When the hook function is called, it checks its parameters. If a tooltip window is being created, it uses standard subclassing techniques with a twist: Rather than using a function from the DLL, a stub, originally written in assembly, is created on the stack and the window procedure is set to that stub. The stub makes sure the DLL is present, and then that blocking is enabled. If both are true, the message and its parameters are checked. If the message is TTM_ACTIVATE
, TTM_POPUP
, TTM_TRACKACTIVATE
, TTM_TRACKPOSITION
, or TTM_RELAYEVENT
, it is discarded. Otherwise, it is passed on to the original Windows procedure. (Note that throughout, I use placeholder values for addresses. Also note that I am not an assembly guru. I hate assembly, and write it poorly.)
push ebp
mov eax, 0xFFFFFFFF
cmp dword ptr[eax], 0
je retold
mov eax, 0x88888888
cmp dword ptr[eax], 0
je retold
mov ebp, esp
mov eax, dword ptr[ebp + 12]
cmp eax, TTM_POPUP
je ret0
cmp eax, TTM_TRACKACTIVATE
je ret0
cmp eax, TTM_TRACKPOSITION
je ret0
cmp eax, TTM_RELAYEVENT
je ret0
cmp eax, TTM_ACTIVATE
je ret0
retold:
pop ebp
pop eax
push 0xAAAAAAAA
push eax
mov eax, 0xBBBBBBBB
jmp eax
ret0:
xor eax, eax
pop ebp
ret 16
I quickly realized a small flaw. As multiple tooltip Windows are created and destroyed, a small chunk of memory is left behind on the heap. If many tooltip Windows are created and destroyed, this small resource leak could become a big problem. Thus, the code included in ttproc.asm shows the full source of the assembler function, which includes a branch that deletes the procedure upon return from processing of WM_NCDESTROY
, the last message sent to a window.
What I learned
- Hooks set via
SetWindowsHooksEx
have a major performance impact if used incorrectly.

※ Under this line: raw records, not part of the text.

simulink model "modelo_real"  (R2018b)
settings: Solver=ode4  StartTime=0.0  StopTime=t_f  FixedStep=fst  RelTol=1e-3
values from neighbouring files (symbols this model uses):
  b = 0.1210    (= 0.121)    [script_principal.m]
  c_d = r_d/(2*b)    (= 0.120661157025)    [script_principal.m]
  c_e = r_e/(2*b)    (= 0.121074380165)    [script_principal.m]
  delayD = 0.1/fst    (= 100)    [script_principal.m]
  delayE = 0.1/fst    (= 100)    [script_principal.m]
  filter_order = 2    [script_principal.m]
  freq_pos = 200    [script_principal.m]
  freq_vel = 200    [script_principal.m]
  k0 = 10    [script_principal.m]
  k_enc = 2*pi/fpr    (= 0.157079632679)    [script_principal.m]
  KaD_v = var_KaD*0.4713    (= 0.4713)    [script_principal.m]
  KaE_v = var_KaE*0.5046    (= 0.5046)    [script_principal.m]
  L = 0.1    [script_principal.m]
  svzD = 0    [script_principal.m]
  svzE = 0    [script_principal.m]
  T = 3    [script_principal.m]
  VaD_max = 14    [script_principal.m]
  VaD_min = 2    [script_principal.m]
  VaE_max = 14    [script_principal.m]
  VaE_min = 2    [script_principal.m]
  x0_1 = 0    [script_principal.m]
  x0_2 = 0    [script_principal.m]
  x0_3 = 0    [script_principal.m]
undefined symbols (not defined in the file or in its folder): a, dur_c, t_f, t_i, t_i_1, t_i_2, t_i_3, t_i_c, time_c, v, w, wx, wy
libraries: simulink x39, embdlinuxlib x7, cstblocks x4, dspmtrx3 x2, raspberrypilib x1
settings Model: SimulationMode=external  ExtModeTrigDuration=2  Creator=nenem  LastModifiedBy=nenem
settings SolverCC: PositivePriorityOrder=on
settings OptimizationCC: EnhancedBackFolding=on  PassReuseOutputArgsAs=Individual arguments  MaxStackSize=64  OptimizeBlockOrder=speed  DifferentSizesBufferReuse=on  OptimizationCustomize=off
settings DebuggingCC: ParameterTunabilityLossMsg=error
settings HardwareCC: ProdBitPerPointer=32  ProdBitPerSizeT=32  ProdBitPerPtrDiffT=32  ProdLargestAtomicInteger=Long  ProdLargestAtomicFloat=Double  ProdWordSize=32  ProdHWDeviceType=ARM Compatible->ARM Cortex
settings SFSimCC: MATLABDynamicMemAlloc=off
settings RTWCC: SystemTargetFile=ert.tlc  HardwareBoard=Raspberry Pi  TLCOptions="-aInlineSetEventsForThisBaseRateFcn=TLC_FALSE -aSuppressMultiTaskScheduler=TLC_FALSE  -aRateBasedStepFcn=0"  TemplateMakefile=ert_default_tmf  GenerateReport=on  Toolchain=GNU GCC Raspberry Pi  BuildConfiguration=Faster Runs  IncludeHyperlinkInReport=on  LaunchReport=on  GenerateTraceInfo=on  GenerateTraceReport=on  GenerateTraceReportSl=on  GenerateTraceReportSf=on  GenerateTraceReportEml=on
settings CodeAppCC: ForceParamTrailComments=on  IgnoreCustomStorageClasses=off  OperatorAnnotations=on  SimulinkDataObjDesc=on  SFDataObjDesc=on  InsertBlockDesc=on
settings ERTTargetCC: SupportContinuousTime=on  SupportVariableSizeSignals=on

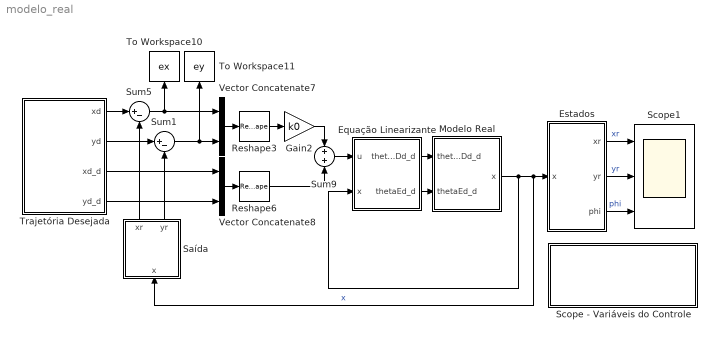
== system modelo_real ==
  Equação Linearizante : Subsystem
  Estados : Subsystem
  Gain2 : Gain  Gain=k0
  Modelo Real : Subsystem
  Reshape3 : Reshape  OutputDimensionality=Customize  OutputDimensions=[2,1]
  Reshape6 : Reshape  OutputDimensionality=Customize  OutputDimensions=[2,1]
  Saída : Subsystem
  Scope - Variáveis do Controle : Subsystem
  Scope1 : Scope  NumInputPorts=3
  Sum1 : Sum  Inputs=|+-
  Sum5 : Sum  Inputs=|+-
  Sum9 : Sum  Inputs=+|+
  To Workspace10 : ToWorkspace  VariableName=ex  SaveFormat=Structure With Time  SampleTime=-1
      settings: Save2DSignal=2-D array (concatenate along first dimension)
  To Workspace11 : ToWorkspace  VariableName=ey  SaveFormat=Structure With Time  SampleTime=-1
      settings: Save2DSignal=2-D array (concatenate along first dimension)
  Trajetória Desejada : Subsystem
  Vector Concatenate7 : Concatenate
  Vector Concatenate8 : Concatenate
  wires:
  Trajetória Desejada/1(xd) -> Sum5/1
  Sum1/1 -> To Workspace11/1, Vector Concatenate7/2
  Gain2/1 -> Sum9/1
  Reshape6/1 -> Sum9/2
  Estados/2(yr) -> Scope1/2  "yr"
  Sum5/1 -> To Workspace10/1, Vector Concatenate7/1
  Trajetória Desejada/4(yd_d) -> Vector Concatenate8/2
  Trajetória Desejada/3(xd_d) -> Vector Concatenate8/1
  Trajetória Desejada/2(yd) -> Sum1/1
  Vector Concatenate7/1 -> Reshape3/1
  Estados/1(xr) -> Scope1/1  "xr"
  Reshape3/1 -> Gain2/1
  Sum9/1 -> Equação Linearizante/1(u)
  Saída/2(yr) -> Sum1/2
  Vector Concatenate8/1 -> Reshape6/1
  Modelo Real/1(x) -> Equação Linearizante/2(x), Saída/1(x), Estados/1(x)  "x"
  Saída/1(xr) -> Sum5/2
  Estados/3(phi) -> Scope1/3  "phi"
  Equação Linearizante/2(thetaEd_d) -> Modelo Real/2(thetaEd_d)
  Equação Linearizante/1(thetaDd_d) -> Modelo Real/1(thetaDd_d)

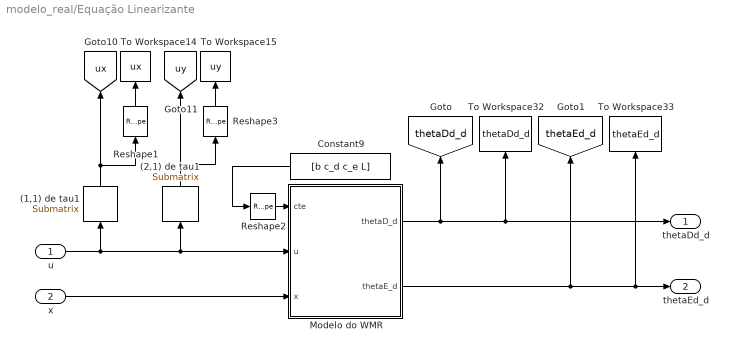
== system modelo_real/Equação Linearizante ==
  u : Inport
  x : Inport  Port=2
  (1,1) de tau1 : dspmtrx3/Submatrix  RowSpan=One row  RowStartMode=Index  RowStartIndex=1  RowEndMode=Last  RowEndIndex=1  ColSpan=One column  ColStartMode=Index  ColStartIndex=1  ColEndMode=Last  ColEndIndex=1
  (2,1) de tau1 : dspmtrx3/Submatrix  RowSpan=One row  RowStartMode=Index  RowStartIndex=2  RowEndMode=Last  RowEndIndex=1  ColSpan=One column  ColStartMode=Index  ColStartIndex=1  ColEndMode=Last  ColEndIndex=1
  Constant9 : Constant  Value=[b c_d c_e L]
  Modelo do WMR : MATLAB Function  TreatAsAtomicUnit=on
  Reshape1 : Reshape
  Reshape2 : Reshape  OutputDimensionality=Customize  OutputDimensions=[1,4]
  Reshape3 : Reshape
  To Workspace14 : ToWorkspace  VariableName=ux  SaveFormat=Structure With Time  SampleTime=-1
      settings: Save2DSignal=2-D array (concatenate along first dimension)
  To Workspace15 : ToWorkspace  VariableName=uy  SaveFormat=Structure With Time  SampleTime=-1
      settings: Save2DSignal=2-D array (concatenate along first dimension)
  To Workspace32 : ToWorkspace  VariableName=thetaDd_d  SaveFormat=Structure With Time  SampleTime=-1
      settings: Save2DSignal=2-D array (concatenate along first dimension)
  To Workspace33 : ToWorkspace  VariableName=thetaEd_d  SaveFormat=Structure With Time  SampleTime=-1
      settings: Save2DSignal=2-D array (concatenate along first dimension)
  thetaDd_d : Outport
  thetaEd_d : Outport  Port=2
  tag scope: thetaDd_d=global, thetaEd_d=global, ux=global, uy=global
  wires:
  x/1 -> Modelo do WMR/3(x)
  Reshape2/1 -> Modelo do WMR/1(cte)
  Constant9/1 -> Reshape2/1
  u/1 -> (1,1) de tau1/1, (2,1) de tau1/1, Modelo do WMR/2(u)
  (2,1) de tau1/1 -> Reshape3/1, [uy]
  (1,1) de tau1/1 -> Reshape1/1, [ux]
  Modelo do WMR/1(thetaD_d) -> [thetaDd_d], To Workspace32/1, thetaDd_d/1
  Modelo do WMR/2(thetaE_d) -> thetaEd_d/1, To Workspace33/1, [thetaEd_d]
  Reshape1/1 -> To Workspace14/1
  Reshape3/1 -> To Workspace15/1

== system modelo_real/Estados ==
  x : Inport
  Estados : MATLAB Function  TreatAsAtomicUnit=on
  To Workspace2 : ToWorkspace  VariableName=phi  SaveFormat=Structure With Time  SampleTime=-1
      settings: Save2DSignal=2-D array (concatenate along first dimension)
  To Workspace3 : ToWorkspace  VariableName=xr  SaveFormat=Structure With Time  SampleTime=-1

- Hook DLL’s are loaded only for the duration of the hook function. Don’t rely on their presence at any other time!
- Comments! I need more comments in my code!
- If you’re packing code into a structure:
- Test it! Step through in a debugger. Byte order may be different than you expect, resulting in nonsense.
- Don’t forget #pragma pack! Padding added in between opcodes really messes things up.
- Always call
FlushInstructionCache
, or bad things may happen! One machine exhibited sporadic crashes without this call. This took me hours to debug.
- Get it right the first time! Code in structures is hard to rework.
TODO
- Fix code for Win98.
- Optimize assembly.
- Fix DLL unloading mechanism.
Comments or questions appreciated! This is a fairly un-maintained project, but I will update it if something warrants the change.